Likewise, a battery with one hour of storage capacity can’t efficiently bid into a capacity market that expects full availability regardless of the duration of the peak, but the one hour of peak capacity it can provide is indeed worth something to the system.
So how does FERC intend to break down these barriers? By fully integrating storage’s unique operating characteristics into the software that is used to schedule resources on the power grid and establish the market price for energy, ancillary services, and capacity.
FERC Will Require Power Markets to Account for 13 Unique Energy Storage Physical and Operational Characteristics
The real limit of the software currently used to operate electricity markets is that it does not represent the amount of energy stored in a battery or other storage technology, also known as the state of charge, and account for this in the dispatch schedule established for generators, storage, and other resources. Storage is forced to masquerade as a power plant and strategically bid into the market in a such a way that it will (hopefully) never run out of stored energy. This is far from an economically optimal way to schedule storage in an electricity market — the market should have visibility into the amount of energy available from an energy storage system, and schedule its participation accordingly.
FERC recognized this fundamental shortcoming and then some. It specified a full 13 energy storage operational and physical characteristics that should be reflected in the parameters a storage plant submits to the electricity market along with its bids to buy energy (i.e. its maximum charging price) and its offers to sell energy (i.e. its minimum discharging price). The table below summarizes the 13 parameters that FERC will require wholesale markets to consider in energy storage dispatch. State of charge is at the top of the list.
Requiring power markets to accurately represent the operational capabilities of energy storage devices available to the system using the parameters given above will allow storage to be fully integrated into the economic dispatch process used to schedule grid resources and set the time-varying market electricity price. In theory, a storage plant will simply be able to submit a price at which it is willing to buy power and a price at which it is willing to sell power, and the grid operator’s dispatch software will do the rest.
What Does the Future Hold?
While I’m convinced that FERC’s order is a watershed moment for grid energy storage, there are still a lot of unknowns and potential pitfalls related to the achieving the vision of seamless economic storage dispatch I alluded to in the previous paragraph. There are significant technical challenges associated with accurately representing and telemetering state of charge — an operating state that varies continuously during charging and discharging operation. For this reason, FERC will allow storage operators to manage the state of charge of their systems independently if they so choose.

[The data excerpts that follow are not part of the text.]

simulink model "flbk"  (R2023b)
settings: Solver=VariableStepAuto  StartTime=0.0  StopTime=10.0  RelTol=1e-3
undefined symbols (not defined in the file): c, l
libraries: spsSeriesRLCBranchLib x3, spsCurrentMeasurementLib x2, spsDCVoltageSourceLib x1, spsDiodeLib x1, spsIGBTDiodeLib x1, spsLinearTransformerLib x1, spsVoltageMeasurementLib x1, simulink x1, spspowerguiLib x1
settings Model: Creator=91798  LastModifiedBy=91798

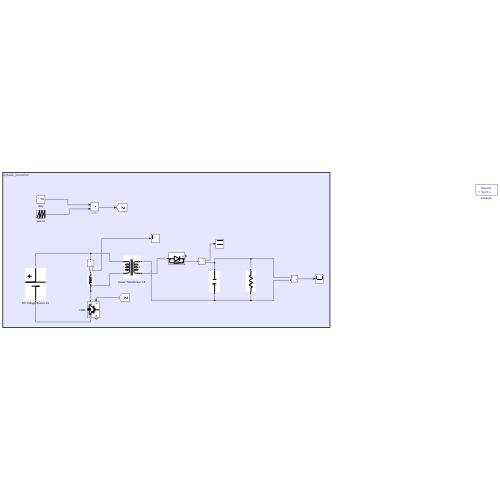
[thumbnail: Simulink's stored preview of the top-level diagram]
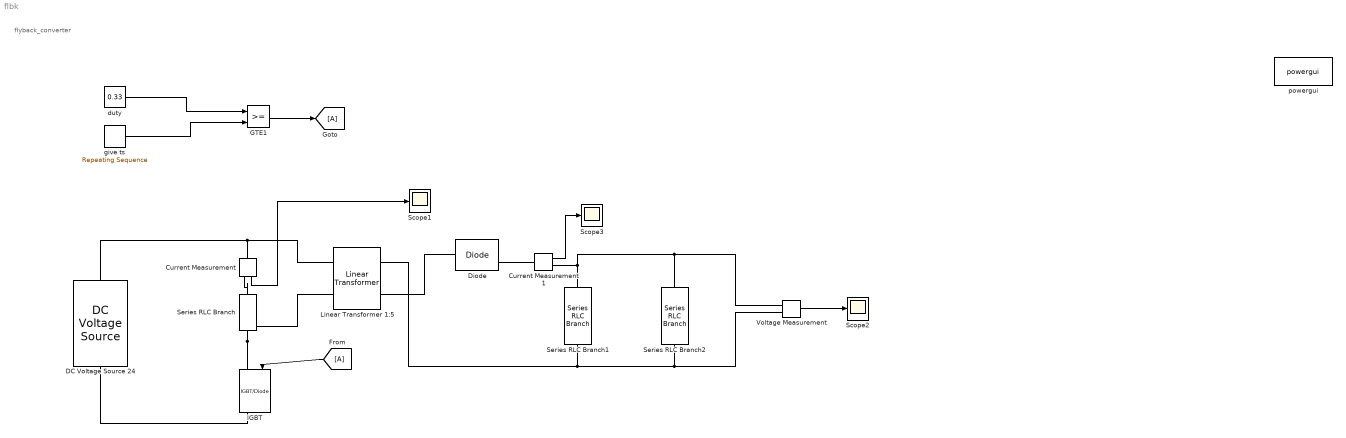
== system flbk ==
  note: flyback_converter
  Current Measurement : spsCurrentMeasurementLib/Current Measurement  PhasorSimulation=off  OutputType=Complex  PSBequivalent=0
  Current Measurement1 : spsCurrentMeasurementLib/Current Measurement  PhasorSimulation=off  OutputType=Complex  PSBequivalent=0
  DC Voltage Source 24 : spsDCVoltageSourceLib/DC Voltage Source  Amplitude=24  Measurements=Voltage
  Diode : spsDiodeLib/Diode  Ron=0.0001  Lon=0  Vf=0.8  IC=0  UseSnubber=0  Rs=500  Cs=250e-9  Measurements=on
  From : From
  GTE1 : RelationalOperator  OutDataTypeStr=boolean  RndMeth=Simplest  InputSameDT=off
  Goto : Goto
  IGBT : spsIGBTDiodeLib/IGBT//Diode  Ron=1e-6  Rs=1e5  Cs=inf  Measurements=on
  Linear Transformer 1:5 : spsLinearTransformerLib/Linear Transformer  UNITS=SI  NominalPower=[ 250e6 20e3 ]  winding1=[24 0 0]  winding2=[120 0 0]  ThreeWindings=off  winding3=[3.15e+05 0.7938 0.084225]  RmLm=[1e6 inf]  Measurements=None  DataType=on
  Scope1 : Scope
  Scope2 : Scope
  Scope3 : Scope
  Series RLC Branch : spsSeriesRLCBranchLib/Series RLC Branch  LConnTagsString=__new0  RConnTagsString=__new0  BranchType=L  Resistance=1  Inductance=l  SetiL0=off  InitialCurrent=0  Capacitance=1e-6  Setx0=off  InitialVoltage=0  Measurements=None
  Series RLC Branch1 : spsSeriesRLCBranchLib/Series RLC Branch  LConnTagsString=__new0  RConnTagsString=__new0  BranchType=C  Resistance=1  Inductance=1e-3  SetiL0=off  InitialCurrent=0  Capacitance=c  Setx0=off  InitialVoltage=0  Measurements=None
  Series RLC Branch2 : spsSeriesRLCBranchLib/Series RLC Branch  LConnTagsString=__new0  RConnTagsString=__new0  BranchType=R  Resistance=5  Inductance=1e-3  SetiL0=off  InitialCurrent=0  Capacitance=1e-6  Setx0=off  InitialVoltage=0  Measurements=None
  Voltage Measurement : spsVoltageMeasurementLib/Voltage Measurement  PhasorSimulation=off  OutputType=Complex  PSBequivalent=0
  duty : Constant  Value=0.33
  give ts : simulink/Sources/Repeating Sequence  rep_seq_t=[0 5e-5]  rep_seq_y=[0 1]
  powergui : spspowerguiLib/powergui  Priority=1  SimulationMode=Discrete  SampleTime=5e-7  frequency=60  Iterations=50  frequencyindice=0  Pbase=100e6  ErrMax=1e-4  UnitsV=kV  UnitsW=MW  buscounter=0  FunctionMessages=off  echomessages=off  EnableUseOfTLC=off  CurrentSourceSwitches=off  DisableSnubberDevices=off  DisableRonSwitches=off  DisableVfSwitches=off  DisplayEquations=off  AutomaticDiscreteSolvers=off  SolverType=Tustin/Backward Euler (TBE)  Interpol=off  ExternalGateDelay=off  methode=off  Ts=100  x0status=blocks  SPID=on  SwTol=0  HookPort=off  NonlinearTolerance=1e-4  nMaxIteration=100  ContinueOnMaxIteration=off  RestoreLinks=warning  ResistiveCurrentMeasurement=off  Frange=[0:2:500]  Ylog=off  Xlog=on  ShowGrid=off  save=off  variable=ZData  structure=0  ZoomFFT=off  StartTime=0.0  cycles=1  DisplayStyle=1  fundamental=60  FreqAxis=off  MaxFrequency=1000  frequencyindicesteady=1  RmsSteady=1  display=off
  wires:
  Current Measurement/1 -> Scope1/1
  Voltage Measurement/1 -> Scope2/1
  give ts/1 -> GTE1/2
  duty/1 -> GTE1/1
  GTE1/1 -> Goto/1
  From/1 -> IGBT/1
  Current Measurement1/1 -> Scope3/1
  connections:
  Series RLC Branch1/RConn1 -- Series RLC Branch2/RConn1 -- Voltage Measurement/LConn2 -- Linear Transformer 1:5/RConn1
  Series RLC Branch2/LConn1 -- Voltage Measurement/LConn1 -- Current Measurement1/RConn1 -- Series RLC Branch1/LConn1
  Series RLC Branch/RConn1 -- Linear Transformer 1:5/LConn2 -- IGBT/LConn1
  Current Measurement/LConn1 -- Linear Transformer 1:5/LConn1 -- DC Voltage Source 24/RConn1
  DC Voltage Source 24/LConn1 -- IGBT/RConn1
  Linear Transformer 1:5/RConn2 -- Diode/LConn1
  Series RLC Branch/LConn1 -- Current Measurement/RConn1
  Current Measurement1/LConn1 -- Diode/RConn1

Furthermore, while the FERC order promises to reduce the technical barriers to full energy storage participation in capacity and energy markets, there are still significant economic barriers to full competition between energy storage and power plants. Wholesale electric energy prices are at historic lows, so it’s hard to anticipate how much storage will grow in wholesale energy markets even if it can achieve dramatic price reductions.
That said, I’m still very excited to see what rules and procedures the independent system operators that run the wholesale power markets will come up with to comply with FERC’s storage order. They have 360 days after the order is published in the Federal Register to send their compliance filing to FERC, and then another year to fully implement revisions to their market rules and operations.